Excerpts from a dataset:

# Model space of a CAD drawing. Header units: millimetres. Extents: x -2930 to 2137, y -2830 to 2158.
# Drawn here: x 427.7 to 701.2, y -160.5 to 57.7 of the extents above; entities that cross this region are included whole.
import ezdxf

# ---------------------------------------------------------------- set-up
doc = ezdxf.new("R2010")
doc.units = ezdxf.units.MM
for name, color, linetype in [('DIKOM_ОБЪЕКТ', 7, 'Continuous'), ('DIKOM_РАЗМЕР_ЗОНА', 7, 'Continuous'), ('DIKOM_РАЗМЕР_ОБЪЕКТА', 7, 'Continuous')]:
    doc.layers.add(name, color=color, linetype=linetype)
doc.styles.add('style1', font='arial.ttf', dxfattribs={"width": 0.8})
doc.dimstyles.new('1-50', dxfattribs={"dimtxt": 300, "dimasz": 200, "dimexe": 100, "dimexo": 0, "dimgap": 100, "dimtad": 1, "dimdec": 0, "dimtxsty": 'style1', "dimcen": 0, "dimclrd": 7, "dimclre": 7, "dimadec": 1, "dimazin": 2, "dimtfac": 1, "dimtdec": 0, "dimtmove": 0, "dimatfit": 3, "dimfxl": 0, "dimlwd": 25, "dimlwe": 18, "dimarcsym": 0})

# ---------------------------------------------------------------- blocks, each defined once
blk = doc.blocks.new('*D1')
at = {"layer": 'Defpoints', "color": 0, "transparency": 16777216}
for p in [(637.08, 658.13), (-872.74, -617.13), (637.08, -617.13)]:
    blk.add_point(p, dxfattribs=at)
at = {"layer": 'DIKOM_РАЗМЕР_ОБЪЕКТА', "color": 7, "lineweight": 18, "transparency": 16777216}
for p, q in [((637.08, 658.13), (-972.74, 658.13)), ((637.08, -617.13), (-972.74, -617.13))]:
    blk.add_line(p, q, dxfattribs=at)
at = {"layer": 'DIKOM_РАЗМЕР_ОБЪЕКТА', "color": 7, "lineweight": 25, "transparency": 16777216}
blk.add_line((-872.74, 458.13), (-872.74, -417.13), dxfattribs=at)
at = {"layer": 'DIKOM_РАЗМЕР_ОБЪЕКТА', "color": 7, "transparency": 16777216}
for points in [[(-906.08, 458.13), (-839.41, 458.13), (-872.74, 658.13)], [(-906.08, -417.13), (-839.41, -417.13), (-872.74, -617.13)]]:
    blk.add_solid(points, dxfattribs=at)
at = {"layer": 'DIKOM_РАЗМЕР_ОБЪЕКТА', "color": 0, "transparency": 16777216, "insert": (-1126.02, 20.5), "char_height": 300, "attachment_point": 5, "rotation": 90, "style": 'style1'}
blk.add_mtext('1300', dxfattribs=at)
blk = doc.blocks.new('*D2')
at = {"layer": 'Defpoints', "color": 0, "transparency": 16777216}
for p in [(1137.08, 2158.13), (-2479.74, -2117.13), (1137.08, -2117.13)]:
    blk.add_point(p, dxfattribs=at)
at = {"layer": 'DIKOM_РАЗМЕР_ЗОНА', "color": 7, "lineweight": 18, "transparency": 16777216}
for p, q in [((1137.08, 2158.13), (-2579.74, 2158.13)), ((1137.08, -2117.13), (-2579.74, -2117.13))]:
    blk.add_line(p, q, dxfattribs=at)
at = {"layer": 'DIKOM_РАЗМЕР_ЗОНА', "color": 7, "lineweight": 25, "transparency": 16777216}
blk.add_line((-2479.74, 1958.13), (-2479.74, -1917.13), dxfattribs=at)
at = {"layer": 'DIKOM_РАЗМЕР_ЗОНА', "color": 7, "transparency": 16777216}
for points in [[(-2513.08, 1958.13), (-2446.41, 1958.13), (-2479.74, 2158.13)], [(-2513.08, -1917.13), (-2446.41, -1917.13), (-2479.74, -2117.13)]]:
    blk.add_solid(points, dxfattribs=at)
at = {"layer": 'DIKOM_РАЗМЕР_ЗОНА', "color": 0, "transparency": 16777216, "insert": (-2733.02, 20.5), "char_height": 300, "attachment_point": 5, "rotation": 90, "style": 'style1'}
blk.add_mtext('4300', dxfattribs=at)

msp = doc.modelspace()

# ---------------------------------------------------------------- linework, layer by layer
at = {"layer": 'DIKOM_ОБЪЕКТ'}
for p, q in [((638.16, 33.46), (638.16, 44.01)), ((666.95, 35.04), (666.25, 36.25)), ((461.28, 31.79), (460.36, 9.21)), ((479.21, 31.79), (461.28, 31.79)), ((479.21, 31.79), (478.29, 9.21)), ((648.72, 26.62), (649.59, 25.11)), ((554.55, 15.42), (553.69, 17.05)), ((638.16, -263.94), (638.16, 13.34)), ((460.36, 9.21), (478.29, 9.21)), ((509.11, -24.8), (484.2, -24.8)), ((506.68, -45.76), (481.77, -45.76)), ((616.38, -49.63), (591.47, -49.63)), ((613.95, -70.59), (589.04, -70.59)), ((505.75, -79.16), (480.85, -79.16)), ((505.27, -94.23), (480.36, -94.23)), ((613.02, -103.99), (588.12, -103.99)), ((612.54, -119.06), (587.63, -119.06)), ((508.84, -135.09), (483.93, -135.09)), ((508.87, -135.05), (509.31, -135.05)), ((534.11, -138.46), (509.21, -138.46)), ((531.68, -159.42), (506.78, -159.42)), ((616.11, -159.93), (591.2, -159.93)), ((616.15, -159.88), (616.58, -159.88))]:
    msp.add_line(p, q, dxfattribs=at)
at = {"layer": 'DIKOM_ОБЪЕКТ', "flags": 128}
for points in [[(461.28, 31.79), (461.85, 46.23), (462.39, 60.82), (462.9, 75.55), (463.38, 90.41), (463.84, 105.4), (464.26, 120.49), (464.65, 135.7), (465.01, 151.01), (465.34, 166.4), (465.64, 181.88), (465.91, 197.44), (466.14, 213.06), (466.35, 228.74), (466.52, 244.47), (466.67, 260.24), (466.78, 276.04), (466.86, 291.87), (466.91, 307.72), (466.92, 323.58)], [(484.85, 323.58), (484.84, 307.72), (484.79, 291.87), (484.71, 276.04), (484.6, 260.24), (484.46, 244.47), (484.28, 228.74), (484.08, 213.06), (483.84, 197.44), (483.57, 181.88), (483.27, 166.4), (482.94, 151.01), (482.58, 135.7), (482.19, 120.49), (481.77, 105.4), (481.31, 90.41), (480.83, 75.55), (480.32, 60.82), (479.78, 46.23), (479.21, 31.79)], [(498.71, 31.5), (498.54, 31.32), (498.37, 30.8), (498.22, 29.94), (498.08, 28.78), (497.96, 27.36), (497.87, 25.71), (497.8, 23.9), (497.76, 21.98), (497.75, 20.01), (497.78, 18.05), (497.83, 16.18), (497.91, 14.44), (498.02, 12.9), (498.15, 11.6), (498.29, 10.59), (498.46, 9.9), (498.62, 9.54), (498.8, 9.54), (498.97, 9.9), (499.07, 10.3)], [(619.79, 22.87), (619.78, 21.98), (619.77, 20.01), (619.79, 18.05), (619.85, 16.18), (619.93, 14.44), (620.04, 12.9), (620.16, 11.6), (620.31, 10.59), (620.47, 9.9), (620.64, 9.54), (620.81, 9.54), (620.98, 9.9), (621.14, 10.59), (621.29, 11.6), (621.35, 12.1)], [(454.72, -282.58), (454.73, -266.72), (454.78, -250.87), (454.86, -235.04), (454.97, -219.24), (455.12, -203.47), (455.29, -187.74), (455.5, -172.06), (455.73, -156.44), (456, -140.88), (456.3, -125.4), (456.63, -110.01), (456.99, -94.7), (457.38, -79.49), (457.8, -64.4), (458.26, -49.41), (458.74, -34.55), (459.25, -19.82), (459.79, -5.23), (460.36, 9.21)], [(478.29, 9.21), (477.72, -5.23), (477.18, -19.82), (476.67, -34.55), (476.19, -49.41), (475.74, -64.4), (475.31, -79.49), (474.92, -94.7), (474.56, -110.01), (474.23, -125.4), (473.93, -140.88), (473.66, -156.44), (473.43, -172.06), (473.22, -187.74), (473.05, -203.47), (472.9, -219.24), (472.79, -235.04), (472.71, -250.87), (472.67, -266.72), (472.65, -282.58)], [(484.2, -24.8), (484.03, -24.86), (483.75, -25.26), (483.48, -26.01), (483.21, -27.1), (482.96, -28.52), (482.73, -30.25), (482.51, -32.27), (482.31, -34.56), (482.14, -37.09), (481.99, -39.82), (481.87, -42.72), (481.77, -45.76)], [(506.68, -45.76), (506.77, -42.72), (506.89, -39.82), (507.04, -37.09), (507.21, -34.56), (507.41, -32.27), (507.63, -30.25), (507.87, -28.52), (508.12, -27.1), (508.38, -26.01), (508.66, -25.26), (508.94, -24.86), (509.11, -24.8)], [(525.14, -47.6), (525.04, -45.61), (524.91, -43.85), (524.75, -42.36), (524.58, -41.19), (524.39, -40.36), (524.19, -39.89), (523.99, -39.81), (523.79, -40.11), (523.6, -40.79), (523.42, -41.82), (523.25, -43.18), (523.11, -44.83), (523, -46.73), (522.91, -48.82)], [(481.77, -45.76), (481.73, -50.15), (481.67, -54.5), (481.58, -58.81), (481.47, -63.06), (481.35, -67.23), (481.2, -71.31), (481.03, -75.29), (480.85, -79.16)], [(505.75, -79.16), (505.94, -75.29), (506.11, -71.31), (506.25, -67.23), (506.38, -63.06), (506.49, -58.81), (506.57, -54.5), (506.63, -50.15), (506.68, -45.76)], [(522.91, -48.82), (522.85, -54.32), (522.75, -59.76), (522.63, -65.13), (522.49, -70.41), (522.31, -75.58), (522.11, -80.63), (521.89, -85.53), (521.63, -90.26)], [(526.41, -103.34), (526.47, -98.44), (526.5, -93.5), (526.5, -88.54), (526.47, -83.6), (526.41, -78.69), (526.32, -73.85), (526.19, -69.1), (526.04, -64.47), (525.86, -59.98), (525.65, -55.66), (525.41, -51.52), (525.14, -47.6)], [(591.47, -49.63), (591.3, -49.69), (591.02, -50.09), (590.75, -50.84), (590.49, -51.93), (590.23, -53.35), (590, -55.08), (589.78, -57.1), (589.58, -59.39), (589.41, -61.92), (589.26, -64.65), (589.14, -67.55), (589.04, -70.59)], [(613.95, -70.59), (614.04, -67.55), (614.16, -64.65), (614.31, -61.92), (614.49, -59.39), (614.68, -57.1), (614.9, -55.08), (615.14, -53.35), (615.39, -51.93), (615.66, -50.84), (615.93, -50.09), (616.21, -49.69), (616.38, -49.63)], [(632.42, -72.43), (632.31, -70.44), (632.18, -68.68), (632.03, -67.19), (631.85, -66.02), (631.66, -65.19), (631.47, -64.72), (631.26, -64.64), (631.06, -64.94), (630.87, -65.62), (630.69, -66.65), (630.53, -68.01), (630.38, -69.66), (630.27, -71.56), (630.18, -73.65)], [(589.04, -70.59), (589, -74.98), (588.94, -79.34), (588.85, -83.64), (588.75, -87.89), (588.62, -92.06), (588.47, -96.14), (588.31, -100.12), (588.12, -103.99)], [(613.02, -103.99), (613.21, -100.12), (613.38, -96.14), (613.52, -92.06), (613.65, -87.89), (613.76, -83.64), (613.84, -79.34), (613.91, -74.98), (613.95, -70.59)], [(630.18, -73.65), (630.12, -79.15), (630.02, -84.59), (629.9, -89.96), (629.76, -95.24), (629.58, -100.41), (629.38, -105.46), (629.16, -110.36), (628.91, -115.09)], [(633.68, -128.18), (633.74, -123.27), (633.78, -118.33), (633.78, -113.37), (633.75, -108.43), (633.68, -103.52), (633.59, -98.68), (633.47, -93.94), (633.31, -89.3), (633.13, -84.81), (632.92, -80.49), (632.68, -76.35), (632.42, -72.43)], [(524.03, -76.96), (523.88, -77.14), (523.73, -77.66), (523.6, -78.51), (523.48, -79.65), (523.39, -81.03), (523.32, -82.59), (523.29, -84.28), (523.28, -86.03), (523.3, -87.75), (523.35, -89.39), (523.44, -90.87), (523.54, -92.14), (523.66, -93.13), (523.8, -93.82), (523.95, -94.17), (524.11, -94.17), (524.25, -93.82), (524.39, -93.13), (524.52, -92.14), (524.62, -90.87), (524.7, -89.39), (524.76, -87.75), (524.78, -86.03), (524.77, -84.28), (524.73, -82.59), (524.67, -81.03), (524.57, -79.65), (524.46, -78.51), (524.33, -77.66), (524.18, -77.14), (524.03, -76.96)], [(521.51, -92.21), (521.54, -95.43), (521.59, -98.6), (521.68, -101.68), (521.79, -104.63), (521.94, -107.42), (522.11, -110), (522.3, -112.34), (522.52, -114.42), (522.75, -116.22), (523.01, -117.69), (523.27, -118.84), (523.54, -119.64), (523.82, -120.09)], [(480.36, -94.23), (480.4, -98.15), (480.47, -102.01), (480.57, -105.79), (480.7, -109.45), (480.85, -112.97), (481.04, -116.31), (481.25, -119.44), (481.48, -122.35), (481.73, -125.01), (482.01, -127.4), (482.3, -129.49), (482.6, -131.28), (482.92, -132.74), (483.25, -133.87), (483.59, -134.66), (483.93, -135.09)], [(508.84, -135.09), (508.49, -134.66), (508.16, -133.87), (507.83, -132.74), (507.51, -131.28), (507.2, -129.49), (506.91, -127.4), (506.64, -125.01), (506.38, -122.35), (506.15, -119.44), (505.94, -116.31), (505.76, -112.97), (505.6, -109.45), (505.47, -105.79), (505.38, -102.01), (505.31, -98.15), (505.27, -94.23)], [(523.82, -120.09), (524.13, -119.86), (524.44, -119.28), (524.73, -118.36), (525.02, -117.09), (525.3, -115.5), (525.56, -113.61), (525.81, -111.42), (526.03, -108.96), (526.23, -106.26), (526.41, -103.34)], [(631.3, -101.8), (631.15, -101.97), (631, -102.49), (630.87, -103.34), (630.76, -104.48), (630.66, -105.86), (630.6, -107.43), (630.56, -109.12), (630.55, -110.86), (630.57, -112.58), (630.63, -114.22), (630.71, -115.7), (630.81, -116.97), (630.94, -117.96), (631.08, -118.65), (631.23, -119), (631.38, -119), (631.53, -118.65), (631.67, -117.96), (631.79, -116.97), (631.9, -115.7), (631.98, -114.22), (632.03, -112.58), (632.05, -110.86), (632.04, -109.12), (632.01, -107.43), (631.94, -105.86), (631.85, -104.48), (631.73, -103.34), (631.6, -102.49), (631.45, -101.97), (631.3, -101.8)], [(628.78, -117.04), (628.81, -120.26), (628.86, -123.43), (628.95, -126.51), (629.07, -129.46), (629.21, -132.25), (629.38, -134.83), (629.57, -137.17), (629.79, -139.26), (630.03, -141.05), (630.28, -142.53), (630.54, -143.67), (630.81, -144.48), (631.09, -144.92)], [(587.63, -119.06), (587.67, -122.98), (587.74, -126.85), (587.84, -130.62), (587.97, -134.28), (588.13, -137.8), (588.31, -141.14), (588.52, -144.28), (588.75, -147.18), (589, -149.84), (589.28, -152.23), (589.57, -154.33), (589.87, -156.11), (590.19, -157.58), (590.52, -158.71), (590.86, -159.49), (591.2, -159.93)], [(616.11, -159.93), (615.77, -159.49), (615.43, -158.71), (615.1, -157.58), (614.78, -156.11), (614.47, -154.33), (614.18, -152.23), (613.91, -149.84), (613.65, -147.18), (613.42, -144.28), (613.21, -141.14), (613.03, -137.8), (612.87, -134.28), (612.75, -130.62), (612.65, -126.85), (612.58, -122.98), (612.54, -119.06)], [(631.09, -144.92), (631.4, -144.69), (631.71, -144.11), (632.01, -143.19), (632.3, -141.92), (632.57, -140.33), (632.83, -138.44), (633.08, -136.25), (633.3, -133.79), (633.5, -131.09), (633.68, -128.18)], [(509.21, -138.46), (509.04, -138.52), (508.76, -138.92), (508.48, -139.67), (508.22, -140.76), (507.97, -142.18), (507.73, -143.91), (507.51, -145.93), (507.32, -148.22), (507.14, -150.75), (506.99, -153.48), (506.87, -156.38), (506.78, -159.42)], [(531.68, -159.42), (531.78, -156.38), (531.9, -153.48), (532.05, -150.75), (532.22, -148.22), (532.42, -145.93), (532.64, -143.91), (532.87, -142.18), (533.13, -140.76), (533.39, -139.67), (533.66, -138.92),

THE TASK
Which lines above hold the string "units"? Show each of them.

RESPONSE AREA
# Model space of a CAD drawing. Header units: millimetres. Extents: x -2930 to 2137, y -2830 to 2158.
doc.units = ezdxf.units.MM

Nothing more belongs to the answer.